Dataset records
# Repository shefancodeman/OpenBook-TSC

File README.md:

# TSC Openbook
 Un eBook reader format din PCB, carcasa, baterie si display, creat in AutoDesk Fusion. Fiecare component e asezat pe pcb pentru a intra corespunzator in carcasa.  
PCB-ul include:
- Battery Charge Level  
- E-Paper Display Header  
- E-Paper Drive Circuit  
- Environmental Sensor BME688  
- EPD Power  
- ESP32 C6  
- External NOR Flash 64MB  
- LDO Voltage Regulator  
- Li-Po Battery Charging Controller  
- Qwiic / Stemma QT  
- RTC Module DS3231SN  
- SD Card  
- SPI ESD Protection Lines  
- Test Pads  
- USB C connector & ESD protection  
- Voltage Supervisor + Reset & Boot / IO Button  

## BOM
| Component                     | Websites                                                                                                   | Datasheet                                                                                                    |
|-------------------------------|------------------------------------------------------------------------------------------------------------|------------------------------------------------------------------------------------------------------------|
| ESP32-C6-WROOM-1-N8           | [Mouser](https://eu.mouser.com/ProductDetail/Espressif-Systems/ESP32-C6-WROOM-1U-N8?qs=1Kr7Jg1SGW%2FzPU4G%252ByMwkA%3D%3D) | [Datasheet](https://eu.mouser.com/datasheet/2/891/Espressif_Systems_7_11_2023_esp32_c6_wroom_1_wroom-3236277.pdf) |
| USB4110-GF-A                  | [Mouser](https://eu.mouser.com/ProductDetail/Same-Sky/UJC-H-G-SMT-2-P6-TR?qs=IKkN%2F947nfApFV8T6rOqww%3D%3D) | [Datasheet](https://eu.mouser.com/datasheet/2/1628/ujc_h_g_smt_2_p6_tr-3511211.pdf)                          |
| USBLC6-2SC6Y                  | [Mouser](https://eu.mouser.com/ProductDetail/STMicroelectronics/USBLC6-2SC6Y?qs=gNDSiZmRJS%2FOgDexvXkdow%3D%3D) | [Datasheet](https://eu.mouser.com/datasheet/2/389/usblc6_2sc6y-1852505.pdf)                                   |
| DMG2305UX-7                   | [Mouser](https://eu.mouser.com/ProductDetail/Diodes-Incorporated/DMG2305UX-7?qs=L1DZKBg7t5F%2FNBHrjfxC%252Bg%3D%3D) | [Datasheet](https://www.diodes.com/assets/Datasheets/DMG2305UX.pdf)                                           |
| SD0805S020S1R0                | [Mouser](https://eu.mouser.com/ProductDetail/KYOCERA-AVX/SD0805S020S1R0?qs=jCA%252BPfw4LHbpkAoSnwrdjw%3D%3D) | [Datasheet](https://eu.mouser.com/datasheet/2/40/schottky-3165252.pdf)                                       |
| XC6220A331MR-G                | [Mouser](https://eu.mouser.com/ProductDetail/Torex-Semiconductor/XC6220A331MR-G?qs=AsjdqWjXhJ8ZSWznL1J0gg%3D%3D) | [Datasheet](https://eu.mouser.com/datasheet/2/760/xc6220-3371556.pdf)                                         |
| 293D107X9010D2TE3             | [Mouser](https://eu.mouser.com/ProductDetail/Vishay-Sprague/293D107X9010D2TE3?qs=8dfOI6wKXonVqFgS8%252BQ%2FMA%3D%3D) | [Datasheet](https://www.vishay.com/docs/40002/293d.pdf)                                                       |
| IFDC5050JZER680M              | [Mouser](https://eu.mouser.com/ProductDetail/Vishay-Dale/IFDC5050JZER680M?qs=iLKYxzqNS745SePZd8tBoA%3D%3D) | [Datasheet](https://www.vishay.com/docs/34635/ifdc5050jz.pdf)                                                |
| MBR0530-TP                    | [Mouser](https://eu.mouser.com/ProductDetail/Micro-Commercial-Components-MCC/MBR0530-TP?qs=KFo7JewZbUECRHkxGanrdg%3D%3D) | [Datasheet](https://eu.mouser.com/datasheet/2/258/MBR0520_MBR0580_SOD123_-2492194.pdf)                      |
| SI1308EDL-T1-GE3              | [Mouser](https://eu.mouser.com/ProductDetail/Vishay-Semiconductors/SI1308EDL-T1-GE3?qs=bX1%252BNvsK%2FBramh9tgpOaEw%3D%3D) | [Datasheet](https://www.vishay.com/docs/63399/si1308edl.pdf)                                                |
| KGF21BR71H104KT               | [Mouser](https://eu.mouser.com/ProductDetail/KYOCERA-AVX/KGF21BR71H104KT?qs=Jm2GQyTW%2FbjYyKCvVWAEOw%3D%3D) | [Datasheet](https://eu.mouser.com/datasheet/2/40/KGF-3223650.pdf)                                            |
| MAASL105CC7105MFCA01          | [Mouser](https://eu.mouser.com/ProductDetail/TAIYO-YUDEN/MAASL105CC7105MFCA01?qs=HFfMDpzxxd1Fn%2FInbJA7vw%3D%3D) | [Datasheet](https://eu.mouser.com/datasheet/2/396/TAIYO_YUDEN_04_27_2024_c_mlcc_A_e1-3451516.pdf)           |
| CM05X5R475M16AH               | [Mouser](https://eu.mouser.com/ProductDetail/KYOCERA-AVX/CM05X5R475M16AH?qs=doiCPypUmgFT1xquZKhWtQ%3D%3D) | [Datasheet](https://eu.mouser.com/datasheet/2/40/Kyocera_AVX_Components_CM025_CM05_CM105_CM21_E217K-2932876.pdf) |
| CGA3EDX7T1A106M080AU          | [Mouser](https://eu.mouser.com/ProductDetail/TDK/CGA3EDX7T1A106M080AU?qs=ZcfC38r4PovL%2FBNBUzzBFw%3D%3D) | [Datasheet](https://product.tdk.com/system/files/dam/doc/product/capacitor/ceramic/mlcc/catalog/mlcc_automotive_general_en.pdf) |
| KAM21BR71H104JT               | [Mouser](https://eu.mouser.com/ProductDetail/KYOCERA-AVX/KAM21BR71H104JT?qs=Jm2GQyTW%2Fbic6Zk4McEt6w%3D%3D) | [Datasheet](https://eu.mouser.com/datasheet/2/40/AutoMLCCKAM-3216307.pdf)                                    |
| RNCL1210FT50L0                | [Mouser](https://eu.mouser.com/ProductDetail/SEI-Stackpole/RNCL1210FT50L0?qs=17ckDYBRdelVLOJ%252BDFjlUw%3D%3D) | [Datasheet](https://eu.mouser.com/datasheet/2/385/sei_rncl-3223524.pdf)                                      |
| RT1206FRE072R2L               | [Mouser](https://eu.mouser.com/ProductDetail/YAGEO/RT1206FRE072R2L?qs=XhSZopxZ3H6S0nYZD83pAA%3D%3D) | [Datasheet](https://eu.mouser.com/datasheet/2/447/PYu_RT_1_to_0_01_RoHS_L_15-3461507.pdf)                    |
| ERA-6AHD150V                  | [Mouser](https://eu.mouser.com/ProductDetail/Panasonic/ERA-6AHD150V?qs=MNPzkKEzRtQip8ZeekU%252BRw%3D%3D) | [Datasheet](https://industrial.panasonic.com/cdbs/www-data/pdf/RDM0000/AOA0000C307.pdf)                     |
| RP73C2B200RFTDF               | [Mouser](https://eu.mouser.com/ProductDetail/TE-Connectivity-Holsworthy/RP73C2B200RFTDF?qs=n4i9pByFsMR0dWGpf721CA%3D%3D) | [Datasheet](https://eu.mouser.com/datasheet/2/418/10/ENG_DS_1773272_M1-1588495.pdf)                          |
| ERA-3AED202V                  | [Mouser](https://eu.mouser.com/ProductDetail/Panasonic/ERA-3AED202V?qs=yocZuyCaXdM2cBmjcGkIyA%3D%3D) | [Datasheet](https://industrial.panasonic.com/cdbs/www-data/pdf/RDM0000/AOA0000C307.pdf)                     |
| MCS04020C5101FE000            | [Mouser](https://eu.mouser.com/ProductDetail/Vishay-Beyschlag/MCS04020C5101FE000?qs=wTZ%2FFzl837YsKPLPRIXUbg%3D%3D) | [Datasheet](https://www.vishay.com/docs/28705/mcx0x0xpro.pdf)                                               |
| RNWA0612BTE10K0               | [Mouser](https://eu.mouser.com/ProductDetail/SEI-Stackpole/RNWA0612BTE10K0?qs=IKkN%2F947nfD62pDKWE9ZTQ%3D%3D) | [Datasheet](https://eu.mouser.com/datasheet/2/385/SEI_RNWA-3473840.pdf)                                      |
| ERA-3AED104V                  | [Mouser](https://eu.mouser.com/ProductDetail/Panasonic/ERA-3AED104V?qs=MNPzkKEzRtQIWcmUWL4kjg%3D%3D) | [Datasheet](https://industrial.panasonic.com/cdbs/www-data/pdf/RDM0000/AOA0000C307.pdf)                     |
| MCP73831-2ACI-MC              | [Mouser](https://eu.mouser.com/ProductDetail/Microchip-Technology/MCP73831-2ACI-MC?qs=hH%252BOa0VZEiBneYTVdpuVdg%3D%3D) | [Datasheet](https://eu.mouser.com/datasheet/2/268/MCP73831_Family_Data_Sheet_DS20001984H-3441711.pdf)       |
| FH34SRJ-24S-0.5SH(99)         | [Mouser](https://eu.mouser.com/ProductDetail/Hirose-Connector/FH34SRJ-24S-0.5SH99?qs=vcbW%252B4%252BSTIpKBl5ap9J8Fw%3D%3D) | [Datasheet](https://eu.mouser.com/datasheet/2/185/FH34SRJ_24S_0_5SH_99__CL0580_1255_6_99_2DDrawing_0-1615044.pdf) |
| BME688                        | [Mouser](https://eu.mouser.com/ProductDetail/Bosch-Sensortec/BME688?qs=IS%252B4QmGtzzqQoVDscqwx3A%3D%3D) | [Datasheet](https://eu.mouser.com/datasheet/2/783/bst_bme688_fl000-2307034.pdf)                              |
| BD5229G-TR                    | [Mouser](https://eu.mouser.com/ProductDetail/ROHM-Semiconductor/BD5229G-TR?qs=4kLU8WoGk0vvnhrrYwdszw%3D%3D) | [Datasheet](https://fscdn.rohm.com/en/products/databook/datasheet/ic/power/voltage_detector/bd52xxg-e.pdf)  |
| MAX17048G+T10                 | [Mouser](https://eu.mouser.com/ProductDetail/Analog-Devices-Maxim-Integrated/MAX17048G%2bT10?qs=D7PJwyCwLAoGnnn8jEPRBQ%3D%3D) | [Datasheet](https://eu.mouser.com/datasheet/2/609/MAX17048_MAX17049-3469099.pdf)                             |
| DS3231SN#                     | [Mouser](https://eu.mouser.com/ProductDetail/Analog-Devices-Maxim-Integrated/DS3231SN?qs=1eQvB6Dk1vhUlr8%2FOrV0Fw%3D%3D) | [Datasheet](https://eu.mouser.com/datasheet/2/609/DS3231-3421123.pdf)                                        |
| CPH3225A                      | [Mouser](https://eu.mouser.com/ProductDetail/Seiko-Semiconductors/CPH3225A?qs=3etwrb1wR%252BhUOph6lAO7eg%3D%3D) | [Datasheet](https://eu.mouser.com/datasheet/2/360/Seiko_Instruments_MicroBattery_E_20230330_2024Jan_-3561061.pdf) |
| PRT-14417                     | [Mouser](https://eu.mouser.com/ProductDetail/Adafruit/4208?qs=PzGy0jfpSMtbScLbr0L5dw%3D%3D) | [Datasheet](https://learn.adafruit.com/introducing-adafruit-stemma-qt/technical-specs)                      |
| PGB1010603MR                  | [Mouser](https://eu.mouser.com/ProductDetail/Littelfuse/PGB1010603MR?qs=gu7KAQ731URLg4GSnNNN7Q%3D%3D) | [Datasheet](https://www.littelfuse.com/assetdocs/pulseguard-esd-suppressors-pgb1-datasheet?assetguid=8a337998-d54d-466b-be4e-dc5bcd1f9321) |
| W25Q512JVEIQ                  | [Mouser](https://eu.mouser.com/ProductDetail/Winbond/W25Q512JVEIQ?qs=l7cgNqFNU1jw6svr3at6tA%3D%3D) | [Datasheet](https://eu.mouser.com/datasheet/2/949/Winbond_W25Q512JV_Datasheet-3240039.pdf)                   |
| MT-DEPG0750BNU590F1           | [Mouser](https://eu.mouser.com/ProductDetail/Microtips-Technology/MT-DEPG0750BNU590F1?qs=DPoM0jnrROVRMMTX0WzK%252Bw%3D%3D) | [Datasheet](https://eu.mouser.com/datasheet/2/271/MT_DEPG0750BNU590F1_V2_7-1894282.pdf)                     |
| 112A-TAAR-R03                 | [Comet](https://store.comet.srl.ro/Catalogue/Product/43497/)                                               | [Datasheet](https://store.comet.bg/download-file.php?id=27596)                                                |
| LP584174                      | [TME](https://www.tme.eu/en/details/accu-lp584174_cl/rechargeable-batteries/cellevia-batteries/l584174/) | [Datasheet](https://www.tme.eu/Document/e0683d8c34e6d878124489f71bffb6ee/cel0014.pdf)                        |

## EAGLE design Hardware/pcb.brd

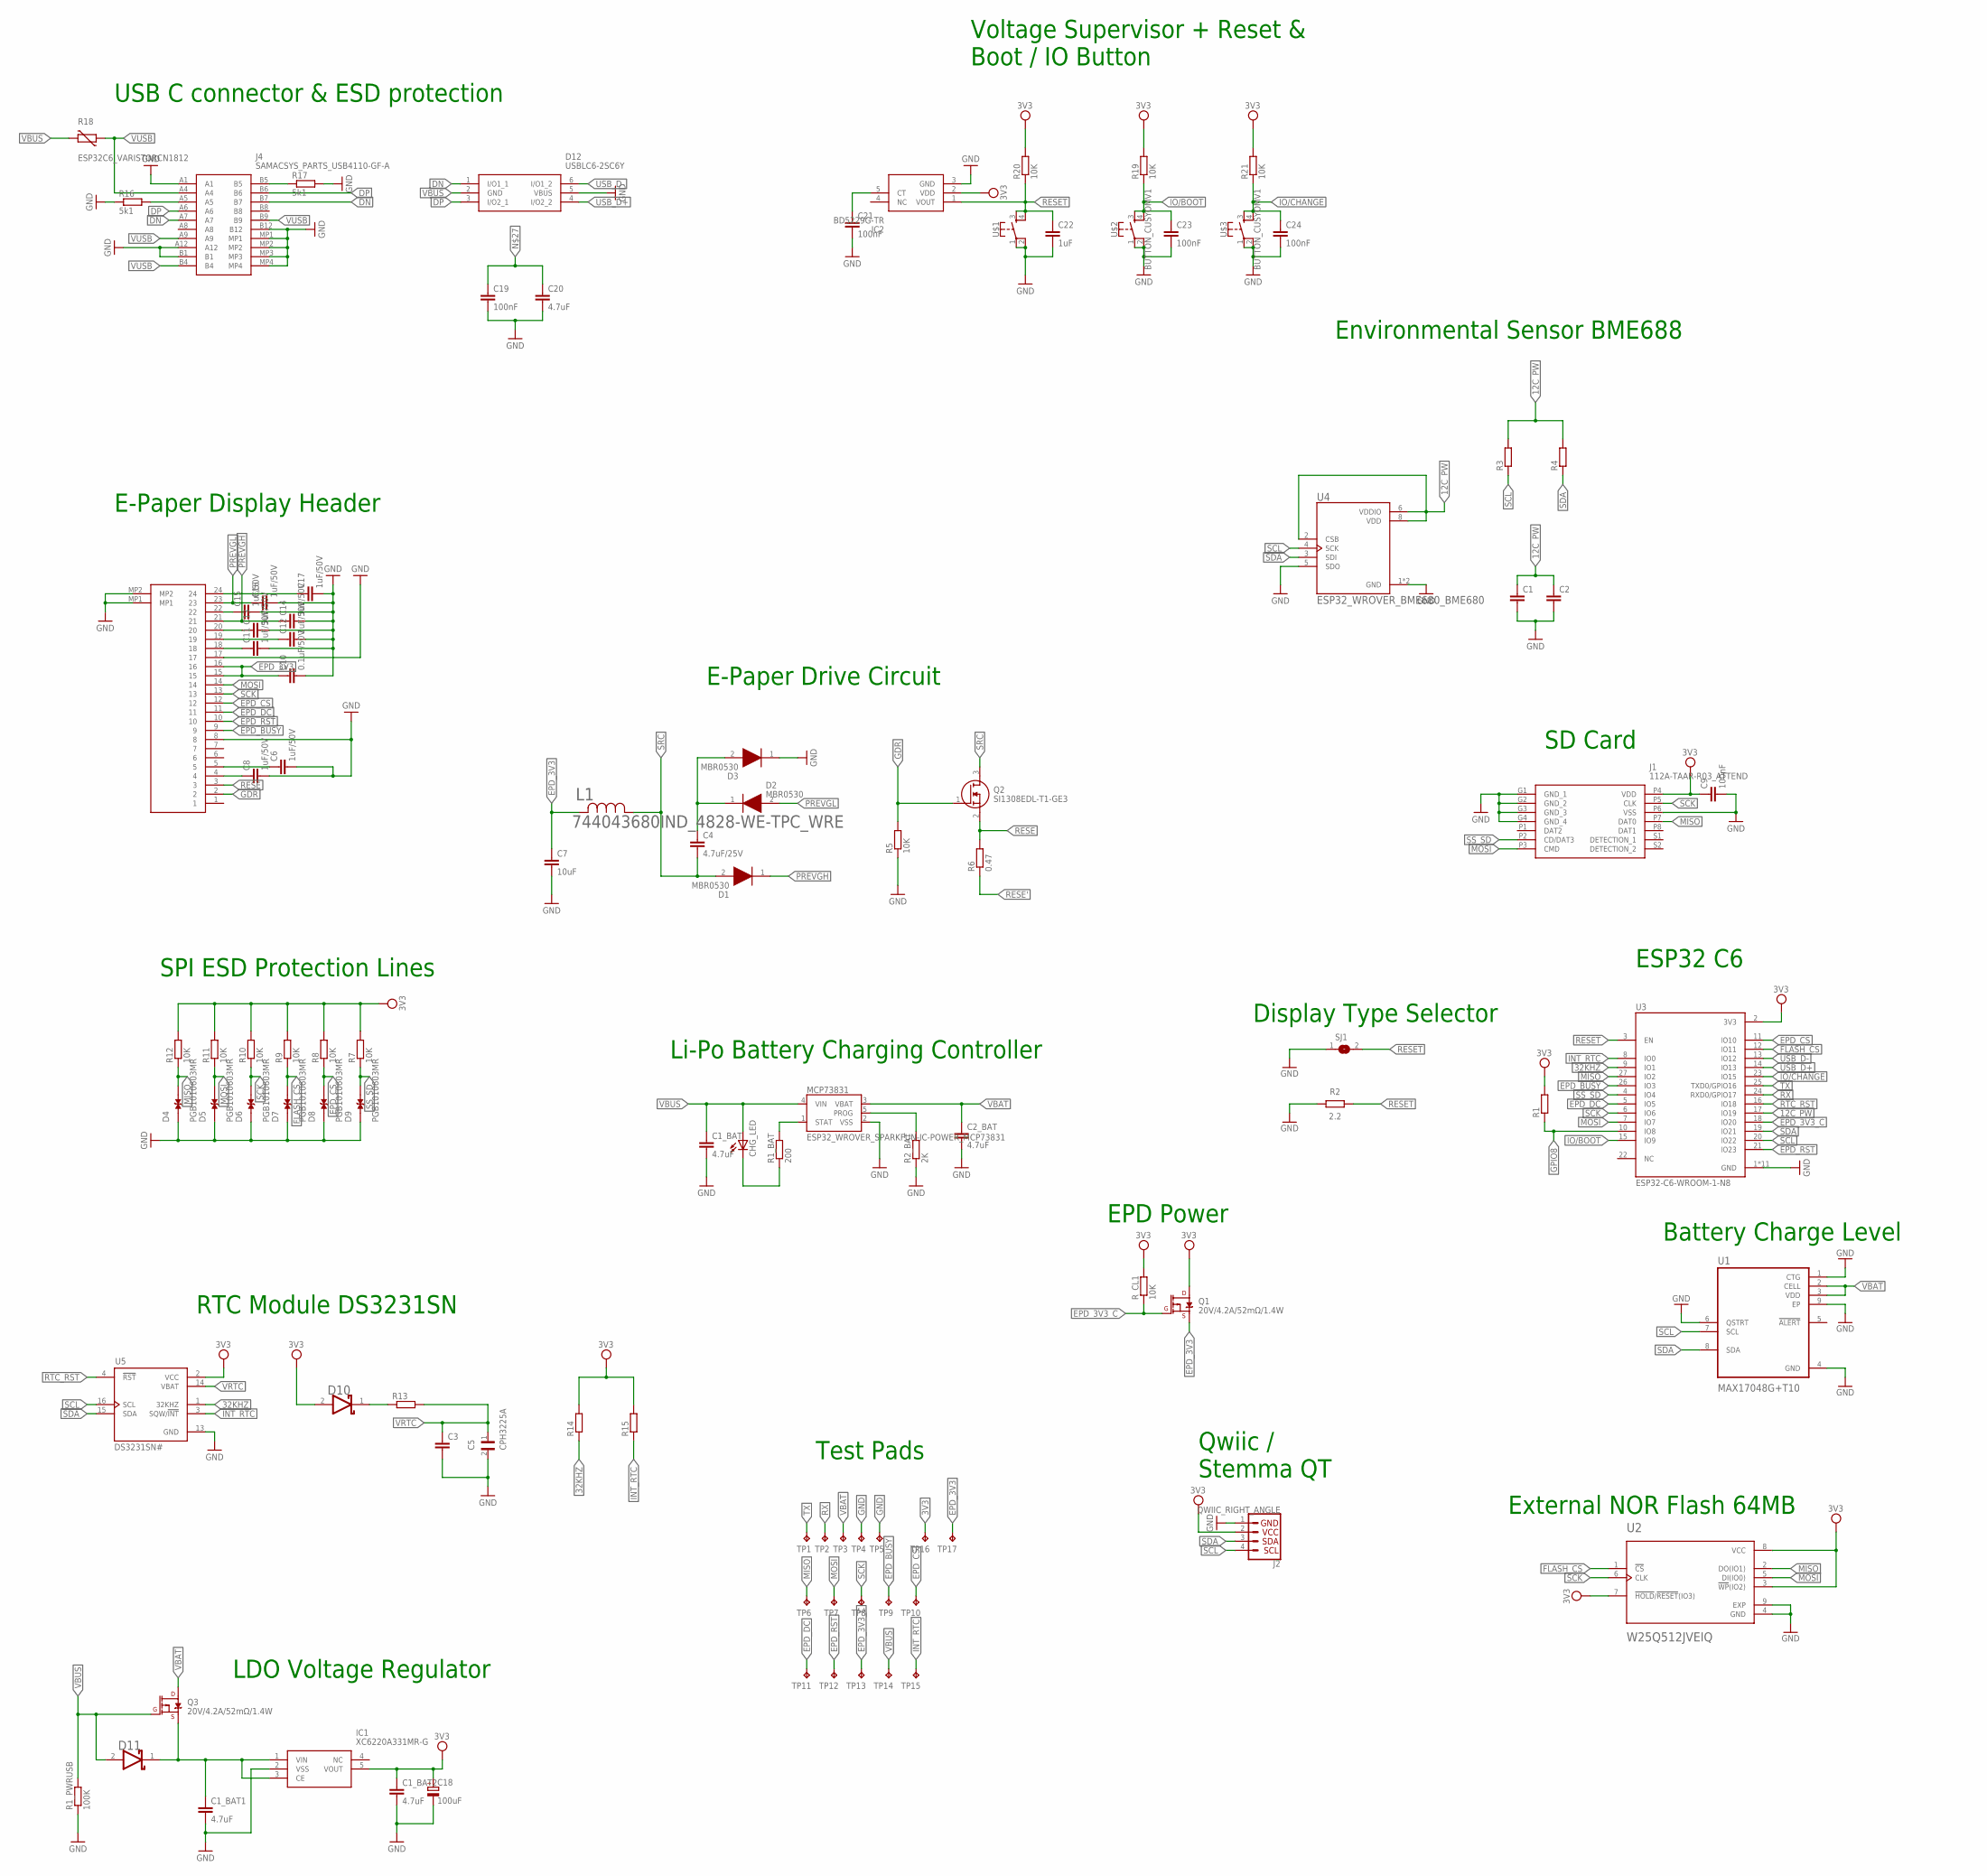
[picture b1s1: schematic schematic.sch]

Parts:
C1, C2: ESP32_WROVER_EAGLE-LTSPICE_CC0402; ESP32_WROVER_EAGLE-LTSPICE_C0402
C1_BAT, C1_BAT1, C1_BAT2, C2_BAT, C20: 4.7uF; ESP32_WROVER_EAGLE-LTSPICE_C0402
C3: EAGLE-LTSPICE_CC0402; EAGLE-LTSPICE_C0402
C4: 4.7uF/25V; EAGLE-LTSPICE_C0402
C5: CPH3225A; CAPCP3225X100N
C6, C8, C11, C12, C13, C14, C15, C16, C17: 1uF/50V; ESP32_WROVER_EAGLE-LTSPICE_C0402
C7: 10uF; EAGLE-LTSPICE_C0402
C9: 100nF; EAGLE-LTSPICE_C0402
C10: 0.1uF/50V; ESP32_WROVER_EAGLE-LTSPICE_C0402
C18: 100uF; RCL_CT3528
C19, C21, C23, C24: 100nF; ESP32_WROVER_EAGLE-LTSPICE_C0402
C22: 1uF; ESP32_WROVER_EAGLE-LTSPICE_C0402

- Requirement:
From the entries above, copy each line holding "Semiconductors".

- Completed exercise:
| SI1308EDL-T1-GE3              | [Mouser](https://eu.mouser.com/ProductDetail/Vishay-Semiconductors/SI1308EDL-T1-GE3?qs=bX1%252BNvsK%2FBramh9tgpOaEw%3D%3D) | [Datasheet](https://www.vishay.com/docs/63399/si1308edl.pdf)                                                |
| CPH3225A                      | [Mouser](https://eu.mouser.com/ProductDetail/Seiko-Semiconductors/CPH3225A?qs=3etwrb1wR%252BhUOph6lAO7eg%3D%3D) | [Datasheet](https://eu.mouser.com/datasheet/2/360/Seiko_Instruments_MicroBattery_E_20230330_2024Jan_-3561061.pdf) |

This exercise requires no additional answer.